The string "DataTypeConversion" may appear on lines of the entries below; report how many such lines there are, and only that.

------ Data for analysis ------

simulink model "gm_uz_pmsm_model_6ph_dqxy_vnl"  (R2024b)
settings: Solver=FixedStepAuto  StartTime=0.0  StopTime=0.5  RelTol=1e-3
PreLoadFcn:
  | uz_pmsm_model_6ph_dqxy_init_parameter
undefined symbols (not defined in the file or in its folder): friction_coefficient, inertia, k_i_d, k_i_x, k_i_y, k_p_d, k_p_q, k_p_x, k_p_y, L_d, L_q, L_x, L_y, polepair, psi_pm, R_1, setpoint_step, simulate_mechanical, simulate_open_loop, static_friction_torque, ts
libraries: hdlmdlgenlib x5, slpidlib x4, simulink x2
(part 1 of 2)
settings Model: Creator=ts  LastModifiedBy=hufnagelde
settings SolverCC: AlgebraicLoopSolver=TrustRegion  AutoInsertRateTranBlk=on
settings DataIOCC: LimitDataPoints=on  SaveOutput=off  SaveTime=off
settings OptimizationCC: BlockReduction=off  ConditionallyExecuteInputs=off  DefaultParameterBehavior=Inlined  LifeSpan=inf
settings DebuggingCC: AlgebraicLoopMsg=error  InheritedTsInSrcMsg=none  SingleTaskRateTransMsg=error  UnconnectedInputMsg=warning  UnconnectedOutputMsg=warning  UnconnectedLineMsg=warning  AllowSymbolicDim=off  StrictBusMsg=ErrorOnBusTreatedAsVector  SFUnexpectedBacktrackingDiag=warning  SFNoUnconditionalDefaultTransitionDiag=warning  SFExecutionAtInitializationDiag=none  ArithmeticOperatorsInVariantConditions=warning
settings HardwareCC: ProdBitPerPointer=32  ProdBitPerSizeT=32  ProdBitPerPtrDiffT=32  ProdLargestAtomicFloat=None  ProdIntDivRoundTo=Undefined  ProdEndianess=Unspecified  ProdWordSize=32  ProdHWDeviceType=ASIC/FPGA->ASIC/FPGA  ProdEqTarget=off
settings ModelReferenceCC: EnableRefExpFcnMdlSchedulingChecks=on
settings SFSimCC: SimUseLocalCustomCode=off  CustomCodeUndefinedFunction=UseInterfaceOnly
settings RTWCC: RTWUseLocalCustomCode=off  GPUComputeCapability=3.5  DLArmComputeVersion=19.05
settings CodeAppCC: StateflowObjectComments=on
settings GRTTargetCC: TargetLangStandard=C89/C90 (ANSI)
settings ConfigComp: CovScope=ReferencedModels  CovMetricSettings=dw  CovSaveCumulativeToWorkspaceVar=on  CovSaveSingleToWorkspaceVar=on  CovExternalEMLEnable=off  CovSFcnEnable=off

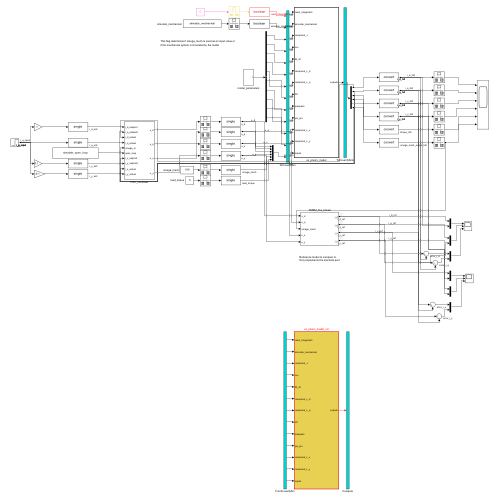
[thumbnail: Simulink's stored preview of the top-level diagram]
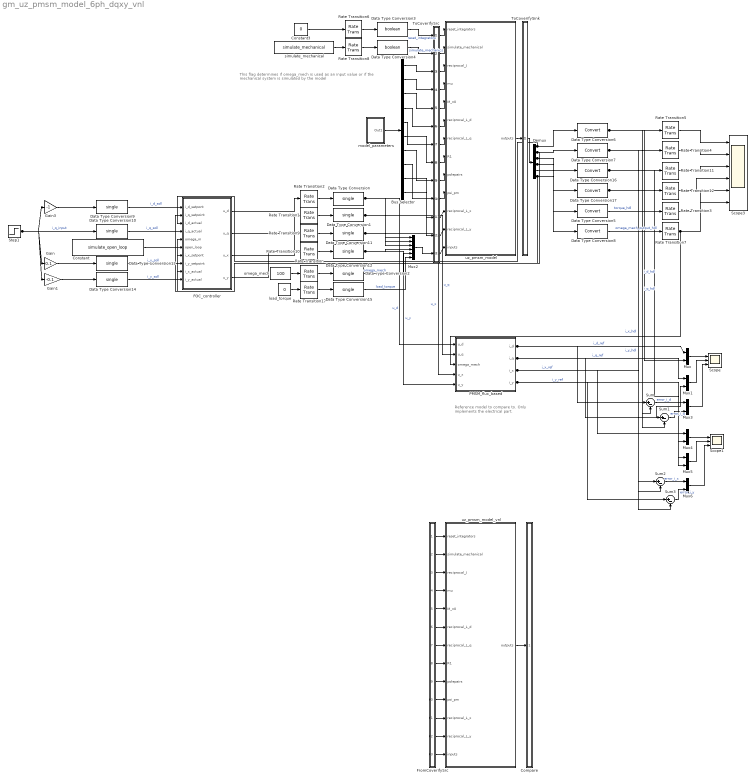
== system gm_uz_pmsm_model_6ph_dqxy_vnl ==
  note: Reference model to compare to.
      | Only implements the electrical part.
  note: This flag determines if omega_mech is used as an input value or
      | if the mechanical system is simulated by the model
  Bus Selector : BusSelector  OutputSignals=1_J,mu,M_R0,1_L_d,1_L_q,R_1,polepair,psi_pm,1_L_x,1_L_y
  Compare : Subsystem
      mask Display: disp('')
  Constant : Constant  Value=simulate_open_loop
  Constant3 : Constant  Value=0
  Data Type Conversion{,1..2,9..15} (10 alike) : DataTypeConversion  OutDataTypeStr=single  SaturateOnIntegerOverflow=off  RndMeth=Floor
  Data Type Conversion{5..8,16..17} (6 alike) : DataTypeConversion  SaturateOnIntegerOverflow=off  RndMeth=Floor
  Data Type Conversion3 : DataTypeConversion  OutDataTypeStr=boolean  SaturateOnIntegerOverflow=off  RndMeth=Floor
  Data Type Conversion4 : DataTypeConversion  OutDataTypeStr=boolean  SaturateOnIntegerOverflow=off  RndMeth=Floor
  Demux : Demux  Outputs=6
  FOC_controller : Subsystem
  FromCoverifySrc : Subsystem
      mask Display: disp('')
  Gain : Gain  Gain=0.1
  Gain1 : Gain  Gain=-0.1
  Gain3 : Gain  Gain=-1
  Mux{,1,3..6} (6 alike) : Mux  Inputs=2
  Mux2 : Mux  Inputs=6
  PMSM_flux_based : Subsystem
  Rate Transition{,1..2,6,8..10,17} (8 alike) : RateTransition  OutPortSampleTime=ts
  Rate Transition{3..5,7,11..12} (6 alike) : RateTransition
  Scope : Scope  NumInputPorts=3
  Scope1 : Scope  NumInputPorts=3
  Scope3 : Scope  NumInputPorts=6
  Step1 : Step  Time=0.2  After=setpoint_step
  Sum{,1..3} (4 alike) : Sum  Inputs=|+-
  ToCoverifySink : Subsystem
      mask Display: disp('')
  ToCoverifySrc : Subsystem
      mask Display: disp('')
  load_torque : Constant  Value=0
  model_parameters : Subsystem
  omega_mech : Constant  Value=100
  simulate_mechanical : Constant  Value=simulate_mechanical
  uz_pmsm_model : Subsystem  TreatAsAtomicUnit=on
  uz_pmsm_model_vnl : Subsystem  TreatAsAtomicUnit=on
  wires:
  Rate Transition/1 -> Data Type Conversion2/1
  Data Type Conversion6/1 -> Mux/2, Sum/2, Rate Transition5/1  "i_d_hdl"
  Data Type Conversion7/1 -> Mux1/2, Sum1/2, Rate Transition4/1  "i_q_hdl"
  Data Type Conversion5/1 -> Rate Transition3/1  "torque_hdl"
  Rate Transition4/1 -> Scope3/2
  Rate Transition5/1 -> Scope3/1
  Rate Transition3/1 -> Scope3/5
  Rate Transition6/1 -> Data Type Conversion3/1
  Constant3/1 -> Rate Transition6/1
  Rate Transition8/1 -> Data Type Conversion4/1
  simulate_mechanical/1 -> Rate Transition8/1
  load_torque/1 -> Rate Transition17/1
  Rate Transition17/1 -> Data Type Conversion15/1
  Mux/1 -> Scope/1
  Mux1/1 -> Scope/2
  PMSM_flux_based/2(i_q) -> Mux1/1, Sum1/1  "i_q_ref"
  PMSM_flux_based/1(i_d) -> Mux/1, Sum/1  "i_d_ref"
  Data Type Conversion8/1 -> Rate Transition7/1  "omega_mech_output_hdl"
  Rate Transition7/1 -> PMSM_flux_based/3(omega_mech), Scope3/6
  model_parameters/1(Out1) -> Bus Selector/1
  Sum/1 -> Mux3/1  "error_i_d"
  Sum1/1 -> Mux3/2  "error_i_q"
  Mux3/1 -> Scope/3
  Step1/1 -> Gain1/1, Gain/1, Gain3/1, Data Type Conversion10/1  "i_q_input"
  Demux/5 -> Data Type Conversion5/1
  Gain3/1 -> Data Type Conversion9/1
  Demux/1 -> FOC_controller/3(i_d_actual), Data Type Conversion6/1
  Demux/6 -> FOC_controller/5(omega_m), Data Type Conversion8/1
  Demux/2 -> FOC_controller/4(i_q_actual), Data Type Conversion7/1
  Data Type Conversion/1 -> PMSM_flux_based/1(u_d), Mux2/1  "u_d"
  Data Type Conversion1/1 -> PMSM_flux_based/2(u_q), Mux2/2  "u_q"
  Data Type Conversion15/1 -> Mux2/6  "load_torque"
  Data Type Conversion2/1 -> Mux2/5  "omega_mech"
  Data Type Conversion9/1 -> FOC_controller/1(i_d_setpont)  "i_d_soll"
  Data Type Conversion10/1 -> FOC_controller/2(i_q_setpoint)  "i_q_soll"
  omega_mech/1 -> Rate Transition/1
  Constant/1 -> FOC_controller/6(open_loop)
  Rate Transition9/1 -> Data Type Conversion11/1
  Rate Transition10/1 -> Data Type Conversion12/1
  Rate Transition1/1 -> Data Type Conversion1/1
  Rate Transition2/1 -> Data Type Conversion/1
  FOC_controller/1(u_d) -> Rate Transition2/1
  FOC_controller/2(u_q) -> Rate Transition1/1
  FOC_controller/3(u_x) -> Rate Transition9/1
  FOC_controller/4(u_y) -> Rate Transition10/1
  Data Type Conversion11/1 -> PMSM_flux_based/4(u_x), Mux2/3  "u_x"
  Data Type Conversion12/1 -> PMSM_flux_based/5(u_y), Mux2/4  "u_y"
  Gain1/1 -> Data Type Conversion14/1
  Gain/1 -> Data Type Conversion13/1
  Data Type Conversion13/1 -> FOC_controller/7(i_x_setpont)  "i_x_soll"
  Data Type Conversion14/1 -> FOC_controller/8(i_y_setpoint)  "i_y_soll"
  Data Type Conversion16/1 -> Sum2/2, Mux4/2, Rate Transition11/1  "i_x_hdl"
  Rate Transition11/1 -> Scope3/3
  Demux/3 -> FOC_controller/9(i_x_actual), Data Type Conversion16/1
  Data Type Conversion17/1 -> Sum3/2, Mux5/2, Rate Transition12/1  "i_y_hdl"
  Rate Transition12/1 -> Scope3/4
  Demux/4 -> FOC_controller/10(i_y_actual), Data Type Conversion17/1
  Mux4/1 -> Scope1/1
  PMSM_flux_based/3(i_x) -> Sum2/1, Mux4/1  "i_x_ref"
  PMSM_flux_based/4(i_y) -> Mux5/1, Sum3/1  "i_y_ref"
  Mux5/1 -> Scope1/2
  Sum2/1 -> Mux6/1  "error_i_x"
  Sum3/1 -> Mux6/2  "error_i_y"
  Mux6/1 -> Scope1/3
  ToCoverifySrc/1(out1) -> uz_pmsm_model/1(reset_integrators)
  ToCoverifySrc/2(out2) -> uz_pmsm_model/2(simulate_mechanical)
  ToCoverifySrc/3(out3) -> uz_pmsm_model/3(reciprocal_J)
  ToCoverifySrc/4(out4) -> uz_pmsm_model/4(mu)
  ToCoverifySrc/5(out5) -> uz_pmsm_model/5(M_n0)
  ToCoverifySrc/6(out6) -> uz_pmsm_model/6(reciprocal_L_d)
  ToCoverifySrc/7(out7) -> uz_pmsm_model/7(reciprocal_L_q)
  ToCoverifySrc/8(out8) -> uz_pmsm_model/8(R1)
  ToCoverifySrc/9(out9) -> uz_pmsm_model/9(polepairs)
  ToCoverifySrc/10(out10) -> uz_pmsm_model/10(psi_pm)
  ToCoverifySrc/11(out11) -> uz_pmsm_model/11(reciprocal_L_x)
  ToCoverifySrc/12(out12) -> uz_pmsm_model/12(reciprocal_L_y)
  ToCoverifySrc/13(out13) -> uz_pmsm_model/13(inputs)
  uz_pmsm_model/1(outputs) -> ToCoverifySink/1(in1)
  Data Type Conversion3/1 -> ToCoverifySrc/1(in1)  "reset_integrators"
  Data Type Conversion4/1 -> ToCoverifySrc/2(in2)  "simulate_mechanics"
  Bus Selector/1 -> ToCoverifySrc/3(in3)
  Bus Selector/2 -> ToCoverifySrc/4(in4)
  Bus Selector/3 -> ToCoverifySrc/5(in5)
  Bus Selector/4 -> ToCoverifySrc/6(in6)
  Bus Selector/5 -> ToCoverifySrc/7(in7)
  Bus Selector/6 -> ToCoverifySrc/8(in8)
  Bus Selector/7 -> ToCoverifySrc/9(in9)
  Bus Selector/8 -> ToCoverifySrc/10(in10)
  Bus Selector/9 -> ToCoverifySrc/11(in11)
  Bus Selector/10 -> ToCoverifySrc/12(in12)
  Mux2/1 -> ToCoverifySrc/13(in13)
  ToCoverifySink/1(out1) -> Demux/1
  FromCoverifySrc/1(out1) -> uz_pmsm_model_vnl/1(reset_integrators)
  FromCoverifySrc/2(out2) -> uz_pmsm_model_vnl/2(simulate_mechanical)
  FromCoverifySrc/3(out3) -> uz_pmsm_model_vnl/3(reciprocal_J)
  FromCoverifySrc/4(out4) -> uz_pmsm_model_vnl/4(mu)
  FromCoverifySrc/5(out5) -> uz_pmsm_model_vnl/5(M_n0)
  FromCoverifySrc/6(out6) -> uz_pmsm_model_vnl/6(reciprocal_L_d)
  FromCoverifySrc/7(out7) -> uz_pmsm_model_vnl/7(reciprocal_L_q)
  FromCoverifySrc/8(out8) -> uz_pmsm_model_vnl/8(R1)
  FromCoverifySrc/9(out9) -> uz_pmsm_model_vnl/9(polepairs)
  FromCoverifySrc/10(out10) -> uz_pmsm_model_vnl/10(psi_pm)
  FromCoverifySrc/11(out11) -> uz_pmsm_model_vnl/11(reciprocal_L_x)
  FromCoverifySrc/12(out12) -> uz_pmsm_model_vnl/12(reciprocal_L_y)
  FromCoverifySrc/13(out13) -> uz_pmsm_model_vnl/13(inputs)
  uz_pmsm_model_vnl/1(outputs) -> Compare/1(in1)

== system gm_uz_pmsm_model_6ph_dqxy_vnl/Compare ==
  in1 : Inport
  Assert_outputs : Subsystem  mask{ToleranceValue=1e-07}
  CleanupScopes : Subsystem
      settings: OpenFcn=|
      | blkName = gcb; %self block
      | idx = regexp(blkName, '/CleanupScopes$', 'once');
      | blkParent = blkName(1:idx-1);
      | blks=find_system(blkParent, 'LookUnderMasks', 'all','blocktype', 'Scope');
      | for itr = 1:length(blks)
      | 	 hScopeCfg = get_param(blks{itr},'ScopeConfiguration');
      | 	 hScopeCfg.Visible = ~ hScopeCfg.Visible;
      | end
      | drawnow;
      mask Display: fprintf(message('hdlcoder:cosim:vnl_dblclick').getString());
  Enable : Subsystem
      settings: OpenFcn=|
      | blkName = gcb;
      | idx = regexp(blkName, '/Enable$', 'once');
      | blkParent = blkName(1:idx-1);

------

• _Solution for this problem_
4